## [DIRECTIONS]
Which of the lines in the data below contain the string "Inputs"? Copy each of them.

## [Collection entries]
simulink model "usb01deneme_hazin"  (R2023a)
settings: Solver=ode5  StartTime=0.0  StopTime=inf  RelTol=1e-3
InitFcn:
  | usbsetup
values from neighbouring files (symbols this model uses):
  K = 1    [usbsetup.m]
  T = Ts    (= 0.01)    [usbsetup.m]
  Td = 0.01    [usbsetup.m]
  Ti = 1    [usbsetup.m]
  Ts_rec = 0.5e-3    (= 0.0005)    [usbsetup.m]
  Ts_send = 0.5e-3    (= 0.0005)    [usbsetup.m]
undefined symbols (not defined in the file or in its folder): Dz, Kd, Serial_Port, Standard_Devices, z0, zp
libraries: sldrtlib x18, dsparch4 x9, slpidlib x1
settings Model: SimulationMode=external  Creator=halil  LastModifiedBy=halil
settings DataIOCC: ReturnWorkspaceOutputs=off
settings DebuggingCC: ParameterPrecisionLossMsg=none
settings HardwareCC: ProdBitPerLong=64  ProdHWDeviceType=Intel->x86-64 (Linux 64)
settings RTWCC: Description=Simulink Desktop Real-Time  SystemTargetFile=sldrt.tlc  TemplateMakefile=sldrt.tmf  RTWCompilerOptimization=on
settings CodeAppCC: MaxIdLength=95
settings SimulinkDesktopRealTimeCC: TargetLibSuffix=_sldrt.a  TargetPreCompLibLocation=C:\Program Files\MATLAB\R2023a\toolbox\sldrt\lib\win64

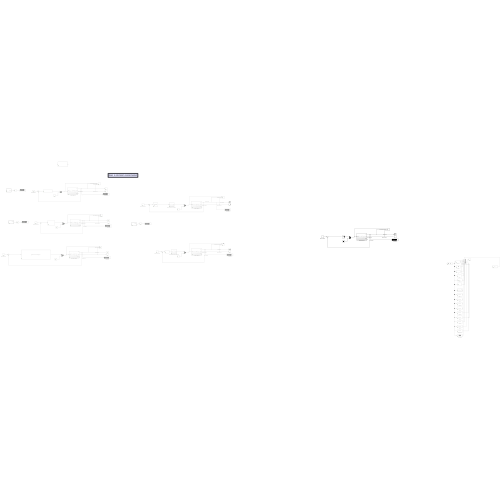
[thumbnail: Simulink's stored preview of the top-level diagram]
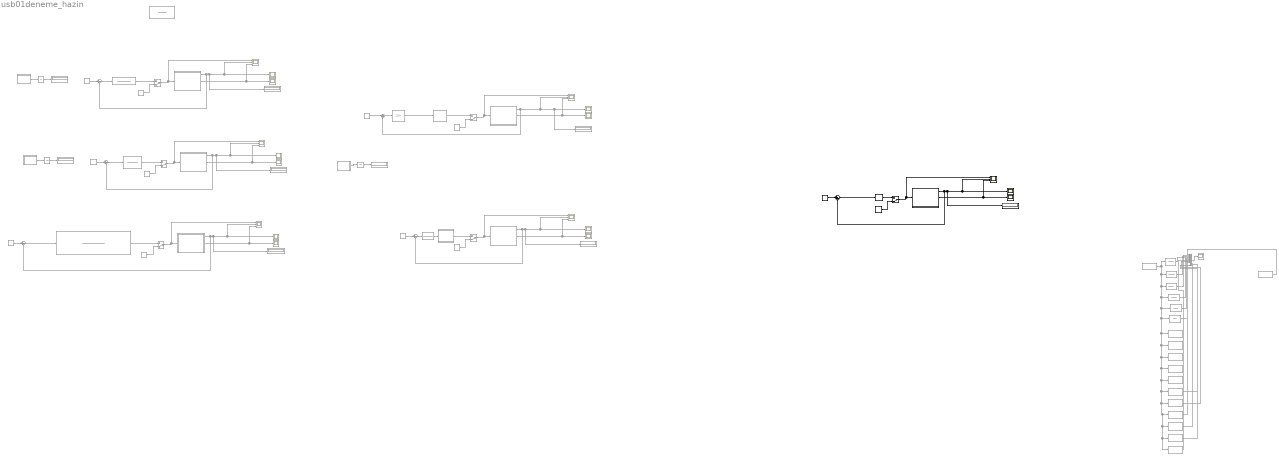
== system usb01deneme_hazin ==
  note: Bazı z-domain çalışmaları
  100fc : TransferFcn  Commented=on  Numerator=[100 0]  Denominator=[1 100]
  1fc : TransferFcn  Commented=on  Numerator=[1 0]  Denominator=[1 1]
  25fc : TransferFcn  Commented=on  Numerator=[25 0]  Denominator=[1 25]
  50fc : TransferFcn  Commented=on  Numerator=[50 0]  Denominator=[1 50]
  5fc : TransferFcn  Commented=on  Numerator=[5 0]  Denominator=[1 5]
  75fc : TransferFcn  Commented=on  Numerator=[75 0]  Denominator=[1 75]
  Angle(deg) : Display
  Angle(deg){1..4,6} (5 alike) : Display  Commented=on
  BugüzelMi? : dsparch4/Biquad Filter  Tag=BlockMethodSubSystem  Commented=on  FilterSource=Dialog parameters  CoeffSource=Specify via dialog  FilterObject=BQF  IIRFiltStruct=Direct form II  BiQuadCoeffs=[1 -1 0 1 -0.999373367998741768 0]  ScaleValues=[0.999686683999370884;1]  IC=0  ICnum=0  ICden=0  a0Flag=Warning  optimizeScaleValues=on  ScaleValueMode=Specify via input port (g)  InputProcessing=Columns as channels (frame based)  roundingMode=Floor  overflowMode=off  scaleValueFracLength=14  denProdOutputFracLength=30  denAccumFracLength=30  secondMemoryFracLength=15
  Constant : Constant  Value=0
  Constant{1..4,6} (5 alike) : Constant  Commented=on  Value=0
  DC Motor Sistemi : Subsystem
  DC Motor Sistemi1 : Subsystem  Commented=on
  DC Motor Sistemi2 : Subsystem  Commented=on
  DC Motor Sistemi3 : Subsystem  Commented=on
  DC Motor Sistemi4 : Subsystem  Commented=on
  DC Motor Sistemi6 : Subsystem  Commented=on
  Data Type Conversion : DataTypeConversion  Commented=on  OutDataTypeStr=double  SaturateOnIntegerOverflow=off  RndMeth=Floor
  Data Type Conversion1 : DataTypeConversion  Commented=on  OutDataTypeStr=double  SaturateOnIntegerOverflow=off  RndMeth=Floor
  Discrete Transfer Fcn : DiscreteTransferFcn  Commented=on  Numerator=[2 -0.2]  Denominator=[1 (1-0.2)]
  Discrete Transfer Fcn1 : DiscreteTransferFcn  Commented=on  Numerator=[(Kd) (-Kd*z0)]  Denominator=[1 (-zp)]  SampleTime=T
  Discrete Transfer Fcn2 : DiscreteTransferFcn  Commented=on  Numerator=[37.5 -37.2]  Denominator=[1 -0.7]  SampleTime=T
  Discrete Transfer Fcn4 : DiscreteTransferFcn  Commented=on  Numerator=[Dz.numerator{1,1}]  Denominator=[Dz.denominator{1,1}]  SampleTime=T
  Display : Display  Commented=on
  Display1 : Display  Commented=on
  Display2 : Display  Commented=on
  Filter : dsparch4/Biquad Filter  Tag=BlockMethodSubSystem  Commented=on  FilterSource=Dialog parameters  CoeffSource=Specify via dialog  FilterObject=BQF  IIRFiltStruct=Direct form II  BiQuadCoeffs=[1 -2 1 1 1.63889042744449531 0.78299941352519975;1 -2 1 1 1.39413928992720804 0.516727106758841592;1 -1 0 1 0.659452728771293573 0]  ScaleValues=[0.0360272465201760816;0.0306469542079083335;0.170273635614353186;1]  IC=0  ICnum=0  ICden=0  a0Flag=Warning  optimizeScaleValues=on  ScaleValueMode=Specify via input port (g)  InputProcessing=Columns as channels (frame based)  roundingMode=Floor  overflowMode=off  scaleValueFracLength=14  denProdOutputFracLength=30  denAccumFracLength=30  secondMemoryFracLength=15
  Filter1 : dsparch4/Biquad Filter  Tag=BlockMethodSubSystem  Commented=on  FilterSource=Dialog parameters  CoeffSource=Specify via dialog  FilterObject=BQF  IIRFiltStruct=Direct form II  BiQuadCoeffs=[1 -2 1 1 -0.751668315831577671 0.502252814025592853;1 -2 1 1 -0.555983969636365316 0.111166275533815195]  ScaleValues=[0.563480282464292603;0.416787561292545128;1]  IC=0  ICnum=0  ICden=0  a0Flag=Warning  optimizeScaleValues=on  ScaleValueMode=Specify via input port (g)  InputProcessing=Columns as channels (frame based)  roundingMode=Floor  overflowMode=off  scaleValueFracLength=14  denProdOutputFracLength=30  denAccumFracLength=30  secondMemoryFracLength=15
  Filter2 : dsparch4/Biquad Filter  Tag=BlockMethodSubSystem  Commented=on  FilterSource=Dialog parameters  CoeffSource=Specify via dialog  FilterObject=BQF  IIRFiltStruct=Direct form II  BiQuadCoeffs=[1 -2 1 1 -1.7220160678191494 0.756195048099618239]  ScaleValues=[0.869552778979691854;1]  IC=0  ICnum=0  ICden=0  a0Flag=Warning  optimizeScaleValues=on  ScaleValueMode=Specify via input port (g)  InputProcessing=Columns as channels (frame based)  roundingMode=Floor  overflowMode=off  scaleValueFracLength=14  denProdOutputFracLength=30  denAccumFracLength=30  secondMemoryFracLength=15
  Filter3 : dsparch4/Biquad Filter  Tag=BlockMethodSubSystem  Commented=on  FilterSource=Dialog parameters  CoeffSource=Specify via dialog  FilterObject=BQF  IIRFiltStruct=Direct form II  BiQuadCoeffs=[1 -2 1 1 -1.97197387617265707 0.972361217649310716]  ScaleValues=[0.986083773455491919;1]  IC=0  ICnum=0  ICden=0  a0Flag=Warning  optimizeScaleValues=on  ScaleValueMode=Specify via input port (g)  InputProcessing=Columns as channels (frame based)  roundingMode=Floor  overflowMode=off  scaleValueFracLength=14  denProdOutputFracLength=30  denAccumFracLength=30  secondMemoryFracLength=15
  Filter4 : dsparch4/Biquad Filter  Tag=BlockMethodSubSystem  Commented=on  FilterSource=Dialog parameters  CoeffSource=Specify via dialog  FilterObject=BQF  IIRFiltStruct=Direct form II  BiQuadCoeffs=[1 -1 0 1 -0.993767790272316875 0]  ScaleValues=[0.996883895136158382;1]  IC=0  ICnum=0  ICden=0  a0Flag=Warning  optimizeScaleValues=on  ScaleValueMode=Specify via input port (g)  InputProcessing=Columns as channels (frame based)  roundingMode=Floor  overflowMode=off  scaleValueFracLength=14  denProdOutputFracLength=30  denAccumFracLength=30  secondMemoryFracLength=15
  Filter5 : dsparch4/Biquad Filter  Tag=BlockMethodSubSystem  Commented=on  FilterSource=Dialog parameters  CoeffSource=Specify via dialog  FilterObject=BQF  IIRFiltStruct=Direct form II  BiQuadCoeffs=[1 -1 0 1 -0.981326377391473437 0]  ScaleValues=[0.990663188695736663;1]  IC=0  ICnum=0  ICden=0  a0Flag=Warning  optimizeScaleValues=on  ScaleValueMode=Specify via input port (g)  InputProcessing=Columns as channels (frame based)  roundingMode=Floor  overflowMode=off  scaleValueFracLength=14  denProdOutputFracLength=30  denAccumFracLength=30  secondMemoryFracLength=15
  Filter6 : dsparch4/Biquad Filter  Tag=BlockMethodSubSystem  Commented=on  FilterSource=Dialog parameters  CoeffSource=Specify via dialog  FilterObject=BQF  IIRFiltStruct=Direct form II  BiQuadCoeffs=[1 -1 0 1 -0.998456046873542391 0]  ScaleValues=[0.999228023436771196;1]  IC=0  ICnum=0  ICden=0  a0Flag=Warning  optimizeScaleValues=on  ScaleValueMode=Specify via input port (g)  InputProcessing=Columns as channels (frame based)  roundingMode=Floor  overflowMode=off  scaleValueFracLength=14  denProdOutputFracLength=30  denAccumFracLength=30  secondMemoryFracLength=15
  Filter7 : dsparch4/Biquad Filter  Tag=BlockMethodSubSystem  Commented=on  FilterSource=Dialog parameters  CoeffSource=Specify via dialog  FilterObject=BQF  IIRFiltStruct=Direct form II  BiQuadCoeffs=[1 -1 0 1 -0.999227725423996294 0]  ScaleValues=[0.999613862711998147;1]  IC=0  ICnum=0  ICden=0  a0Flag=Warning  optimizeScaleValues=on  ScaleValueMode=Specify via input port (g)  InputProcessing=Columns as channels (frame based)  roundingMode=Floor  overflowMode=off  scaleValueFracLength=14  denProdOutputFracLength=30  denAccumFracLength=30  secondMemoryFracLength=15
  Integrator : Integrator  Commented=on
  Integrator1 : Integrator  Commented=on
  Integrator2 : Integrator  Commented=on
  MATLAB Function : MATLAB Function  Commented=on  TreatAsAtomicUnit=on
  MATLAB Function1 : MATLAB Function  Commented=on  TreatAsAtomicUnit=on
  MATLAB Function2 : MATLAB Function  Commented=on  TreatAsAtomicUnit=on
  Manual Switch : ManualSwitch  CurrentSetting=0
  Manual Switch{1..4,6} (5 alike) : ManualSwitch  Commented=on  CurrentSetting=0
  Mux : Mux  Commented=on  Inputs=13
  PID Controller1 : slpidlib/PID Controller  Controller=PID  Form=Ideal  TimeDomain=Continuous-time  UseExternalTs=off  SampleTime=-1  IntegratorMethod=Forward Euler  FilterMethod=Forward Euler  ControllerParametersSource=internal  P=1  I=1  UseKiTs=off  D=0.01  N=100  UseFilter=on  TunerSelectOption=Transfer Function Based (PID Tuner App)  InitialConditionSource=internal  InitialConditionForIntegrator=0  InitialConditionForFilter=0  DifferentiatorICPrevScaledInput=0  ExternalReset=none  TrackingMode=off  Kt=1  LimitOutput=on  SatLimitsSource=internal  UpperSaturationLimit=6  LowerSaturationLimit=-6  LinearizeAsGain=off  AntiWindupMode=none  Kb=1  LimitIntegrator=off  UpperIntegratorSaturationLimit=inf  LowerIntegratorSaturationLimit=-inf  POutMin=[]  POutMax=[]  IOutMin=[]  IOutMax=[]  DOutMin=[]  DOutMax=[]  NOutMin=[]  NOutMax=[]  SumOutMin=[]  SumOutMax=[]  SaturationOutMin=[]  SaturationOutMax=[]  PParamMin=[]  PParamMax=[]  IParamMin=[]  IParamMax=[]  DParamMin=[]  DParamMax=[]  NParamMin=[]  NParamMax=[]  KbParamMin=[]  KbParamMax=[]  KtParamMin=[]  KtParamMax=[]  KbOutMin=[]  KbOutMax=[]  KtOutMin=[]  KtOutMax=[]  IntegratorOutMin=[]  IntegratorOutMax=[]  FilterOutMin=[]  FilterOutMax=[]  SumI1OutMin=[]  SumI1OutMax=[]  SumI2OutMin=[]  SumI2OutMax=[]  SumI3OutMin=[]  SumI3OutMax=[]  SumI4OutMin=[]  SumI4OutMax=[]  SumDOutMin=[]  SumDOutMax=[]  DifferentiatorOutMin=[]  DifferentiatorOutMax=[]  FilterDiffOutCoefMin=[]  FilterDiffOutCoefMax=[]  ReciprocalOutMin=[]  ReciprocalOutMax=[]  SumDenOutMin=[]  SumDenOutMax=[]  SumNumOutMin=[]  SumNumOutMax=[]  DivideOutMin=[]  DivideOutMax=[]  UdiffTsProdOutMin=[]  UdiffTsProdOutMax=[]  NTsProdOutMin=[]  NTsProdOutMax=[]  UintegralTsProdOutMin=[]  UintegralTsProdOutMax=[]  UngainTsProdOutMin=[]  UngainTsProdOutMax=[]  ClampingZeroOutDataTypeStr=Inherit: Inherit via back propagation  ClampingZeroOutMin=[]  ClampingZeroOutMax=[]  FilterDenConstantOutDataTypeStr=Inherit: Inherit via back propagation  FilterDenConstantOutMin=[]  FilterDenConstantOutMax=[]  PCopyOutDataTypeStr=Inherit: Inherit via back propagation  PCopyOutMin=[]  PCopyOutMax=[]  NCopyOutDataTypeStr=Inherit: Inherit via back propagation  NCopyOutMin=[]  NCopyOutMax=[]  IntegratorContinuousStateAttributes=''  IntegratorStateMustResolveToSignalObject=off  IntegratorRTWStateStorageClass=Auto  FilterContinuousStateAttributes=''  FilterStateMustResolveToSignalObject=off  FilterRTWStateStorageClass=Auto  ParallelPVariant=Passthrough  IdealPVariant=InternalParameters  IVariant=InternalParameters  DVariant=InternalParameters  IntegratorVariant=Continuous  SatVariant=Enabled  AWVariant=Passthrough  PCopyVariant=Disabled  TRVariant=Disabled  FdbkBlocksVariant=Forward  IdealPFdbkVariant=Disabled  SatFdbkVariant=Disabled  DerivativeFilterVariant=ContFilter  NVariant=InternalParameters  NCopyVariant=Disabled  FilterICVariant=InternalICsFilter  IntegratorICVariant=InternalICs  ExternalResetVariant=Disabled  TRSumVariant=Passthrough  SumFdbkVariant=Disabled  SumVariant=Sum_PID  TsampFilterVariant=InternalTs  TsampNgainVariant=Passthrough  TsampIntegralVariant=Disabled_SignalSpec  ExternalSaturationOutDataTypeStr=Inherit: Same as second input
  PID(frequence domain emulation) : Subsystem  Commented=on
  PID(time domain emulation) : Subsystem  Commented=on
  Scope{,4,6,8..9,11..12,14..15,20..21} (11 alike) : Scope  Commented=on
  Scope1 : Scope  NumInputPorts=3
  Scope{2,7,10,13,19} (5 alike) : Scope  Commented=on  NumInputPorts=3
  Scope3 : Scope
  Scope5 : Scope
  Sum : Sum  Inputs=|+-
  Sum{1..4,6} (5 alike) : Sum  Commented=on  Inputs=|+-
  Transfer Fcn1 : TransferFcn  Commented=on  Numerator=[90/2.1]  Denominator=[0.2/4 1]
  Zero-Order Hold : ZeroOrderHold  Commented=on  SampleTime=T
  differentiFilter : DiscreteFir  Tag=BlockMethodSubSystem  Commented=on  Coefficients=[0.10162245249798578 0.462115751014000098 -0.462115751014000098 -0.10162245249798578]  InputProcessing=Columns as channels (frame based)
  numericd1 : Subsystem  Tag=BlockMethodSubSystem  Commented=on
  setPoint(degree) : Constant  Value=100
  setPoint(degree)1 : Constant  Commented=on  Value=0
  setPoint(degree)2 : Constant  Commented=on  Value=100
  setPoint(degree)3 : Constant  Commented=on  Value=100
  setPoint(degree)4 : Constant  Commented=on  Value=100
  setPoint(degree)6 : Constant  Commented=on  Value=0
  wires:
  DC Motor Sistemi/1(Açı) -> Sum/2, Scope1/2, Scope3/1, Angle(deg)/1  "Angle(degree)"
  Sum/1 -> PID Controller1/1
  50fc/1 -> Mux/4  "dq"
  Mux/1 -> Scope/1
  Data Type Conversion/1 -> differentiFilter/1, BugüzelMi?/1, Filter7/1, Filter6/1, Filter5/1, Filter4/1, Filter3/1, Filter2/1, Filter1/1, Filter/1, numericd1/1(In), 1fc/1, 5fc/1, 25fc/1, 75fc/1, 100fc/1, 50fc/1
  Constant/1 -> Manual Switch/2
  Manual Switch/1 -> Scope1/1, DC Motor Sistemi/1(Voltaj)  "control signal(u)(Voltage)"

## [RESPONSE]
  Mux : Mux  Commented=on  Inputs=13
  Sum : Sum  Inputs=|+-
  Sum{1..4,6} (5 alike) : Sum  Commented=on  Inputs=|+-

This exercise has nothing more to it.